Stand alone Application

N

Neil

I used to use Dbase to build applications and deploy stand alone compiled
(.exe) to users. If I purchase 2007 Ver. of Access can I do the same thing.
Does Access have anything like the "Dot prompt" that made dbase very easy to
learn.
Thanks for any help
 
J

John W. Vinson

I used to use Dbase to build applications and deploy stand alone compiled
(.exe) to users. If I purchase 2007 Ver. of Access can I do the same thing.
Does Access have anything like the "Dot prompt" that made dbase very easy to
learn.
Thanks for any help

dBase and Access are both database development applications... but *they are
very different*. If you approach Access as if it were a flawed implementation
of dBase you'll have no end of trouble! You'll need to "unlearn" some of the
way "things are always done"; Access is IMO a more capable and powerful
program than dBase, and much easier to use, if you approach it on its own
terms.

To answer - you cannot compile an Access database into an .exe, but you can
use the free Runtime version to create a database which can be distributed
with a royalty-free version of Microsoft Access to run it.

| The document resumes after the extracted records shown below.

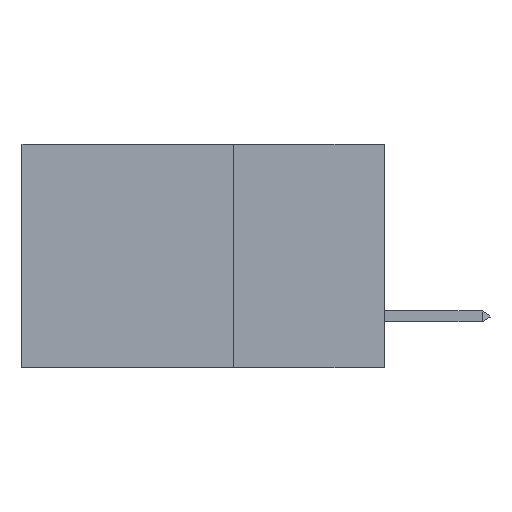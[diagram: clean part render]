
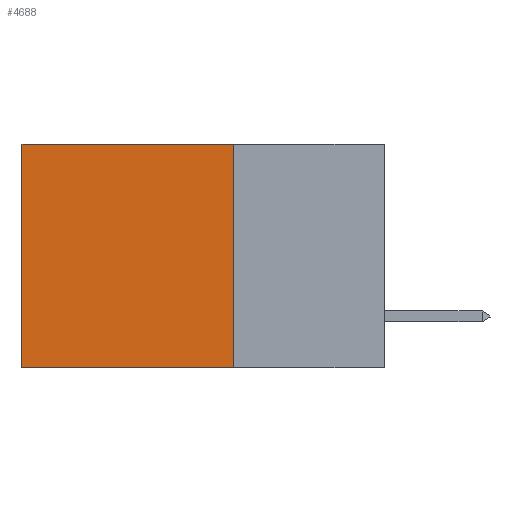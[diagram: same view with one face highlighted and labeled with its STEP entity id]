
A CAD part, left-side view. The second image highlights one B-rep face of the part: STEP entity #4688.
In plain terms, the highlighted planar face has unit normal (-1, 0, 0).
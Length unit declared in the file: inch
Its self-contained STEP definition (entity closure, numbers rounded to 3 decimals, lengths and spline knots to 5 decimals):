
#162 = CARTESIAN_POINT ( 'NONE',  ( 0.2875, 0.25, 0. ) ) ;
#377 = DIRECTION ( 'NONE',  ( 0., 0., -1. ) ) ;
#1314 = EDGE_CURVE ( 'NONE', #8505, #13030, #1949, .T. ) ;
#1675 = LINE ( 'NONE', #12131, #9519 ) ;
#1949 = LINE ( 'NONE', #162, #10328 ) ;
#2530 = DIRECTION ( 'NONE',  ( 0., 1., 0. ) ) ;
#2562 = CARTESIAN_POINT ( 'NONE',  ( 0.2875, 0.25, 0. ) ) ;
#3078 = DIRECTION ( 'NONE',  ( 0., 1., 0. ) ) ;
#3689 = LINE ( 'NONE', #10486, #3868 ) ;
#3868 = VECTOR ( 'NONE', #11698, 39.37008 ) ;
#4688 = ADVANCED_FACE ( 'NONE', ( #13723 ), #11430, .F. ) ;
#5393 = CARTESIAN_POINT ( 'NONE',  ( 0.2875, 0.6, -0.37 ) ) ;
#5886 = EDGE_CURVE ( 'NONE', #13030, #11910, #12289, .T. ) ;
#5960 = VERTEX_POINT ( 'NONE', #11735 ) ;
#7087 = DIRECTION ( 'NONE',  ( 1., 0., 0. ) ) ;
#7263 = CARTESIAN_POINT ( 'NONE',  ( 0.2875, 0.25, 0. ) ) ;
#7358 = ORIENTED_EDGE ( 'NONE', *, *, #5886, .F. ) ;
#7658 = EDGE_LOOP ( 'NONE', ( #10630, #7358, #11441, #10953 ) ) ;
#8505 = VERTEX_POINT ( 'NONE', #7263 ) ;
#8682 = CARTESIAN_POINT ( 'NONE',  ( 0.2875, 0.25, -0.37 ) ) ;
#9519 = VECTOR ( 'NONE', #3078, 39.37008 ) ;
#9592 = EDGE_CURVE ( 'NONE', #8505, #5960, #1675, .T. ) ;
#10213 = AXIS2_PLACEMENT_3D ( 'NONE', #2562, #7087, #377 ) ;
#10328 = VECTOR ( 'NONE', #11376, 39.37008 ) ;
#10486 = CARTESIAN_POINT ( 'NONE',  ( 0.2875, 0.6, 0. ) ) ;
#10529 = VECTOR ( 'NONE', #2530, 39.37008 ) ;
#10630 = ORIENTED_EDGE ( 'NONE', *, *, #12341, .T. ) ;
#10953 = ORIENTED_EDGE ( 'NONE', *, *, #9592, .T. ) ;
#11376 = DIRECTION ( 'NONE',  ( 0., 0., -1. ) ) ;
#11430 = PLANE ( 'NONE',  #10213 ) ;
#11441 = ORIENTED_EDGE ( 'NONE', *, *, #1314, .F. ) ;
#11698 = DIRECTION ( 'NONE',  ( 0., 0., -1. ) ) ;
#11735 = CARTESIAN_POINT ( 'NONE',  ( 0.2875, 0.6, 0. ) ) ;
#11910 = VERTEX_POINT ( 'NONE', #5393 ) ;
#12131 = CARTESIAN_POINT ( 'NONE',  ( 0.2875, 0.25, 0. ) ) ;
#12289 = LINE ( 'NONE', #13649, #10529 ) ;
#12341 = EDGE_CURVE ( 'NONE', #5960, #11910, #3689, .T. ) ;
#13030 = VERTEX_POINT ( 'NONE', #8682 ) ;
#13649 = CARTESIAN_POINT ( 'NONE',  ( 0.2875, 0.25, -0.37 ) ) ;
#13723 = FACE_OUTER_BOUND ( 'NONE', #7658, .T. ) ;

For some orientation, see:

Jeff Conrad's resources page:
http://www.accessmvp.com/JConrad/accessjunkie/resources.html

The Access Web resources page:
http://www.mvps.org/access/resources/index.html

A free tutorial written by Crystal (MS Access MVP):
http://allenbrowne.com/casu-22.html

MVP Allen Browne's tutorials:
http://allenbrowne.com/links.html#Tutorials
 
A

Albert D. Kallal

"(e-mail address removed)"
I used to use Dbase to build applications and deploy stand alone compiled
(.exe) to users. If I purchase 2007 Ver. of Access can I do the same
thing.
Does Access have anything like the "Dot prompt" that made dbase very easy
to
learn.
Thanks for any help

Having written a lot of code in FoxPro (which was really an offshoot of
the dBase language), I can certainly attest that the dot prompt was a handy
thing to have. However, I can't say it made things easy to learn because you
had to memorize commands. And if you don't know those commands you're dead
in the water! The same thing happened to the old DOS prompt when windows
came along We all gave up using the DOS prompt to display a directory of
files. The mouse and a graphical interface is far far superior to a text
based prompt.

I could tell you how to get to the MS access window prompt (and that prompt
is about the equivalent of the dot prompt like the old dBase days). However
once you get to that prompt, you not going to be able to do a bloody thing
because you don't know access system yet.

Note that there is a prompt system in access, and often a lot of us
developers use this (it is called the debug window). So, while in MS access
if you hit control G then you see the debug + Immediate window. In the
immediate window you can type in any access programming command and it will
execute immediately. So, the immediate window in access is really the
equivalent of what the .dot prompt was in dbase (and interesting we
use this prompt when you debugging code. That really is much of what you
speak of when you're in the dBase days: you'd enter a few commands and
see the results immediately - you would slice and dice untill you get
the command the way you want..and then Take that code and would become
part of your application.

However the computer industry and development tools have changed so
remarkably much over the years, that few use the immediate window, however
during code testing and debugging, I can assure you that I do type in
a good number of commands into that a immediate window, and even to test
functions and expressions and code, again that immediate window is very
handy. however few new to MS access, I think it's gonna be a little while
before you start to use that immediate window.

Allen Browne has few tips on people who are coming from an old Foxpro or
dBase environment and are new to MS access. He points out a few of the
differences as to how to access works as compared to the old dBase products.

You can find that here:

http://allenbrowne.com/tips.html#xbase


Also as mentioned in the other post, there's not the ability to convert MS
access into a single .exe file, but there is the ability to package it into
a windows installer, and have your package installed on the target machine.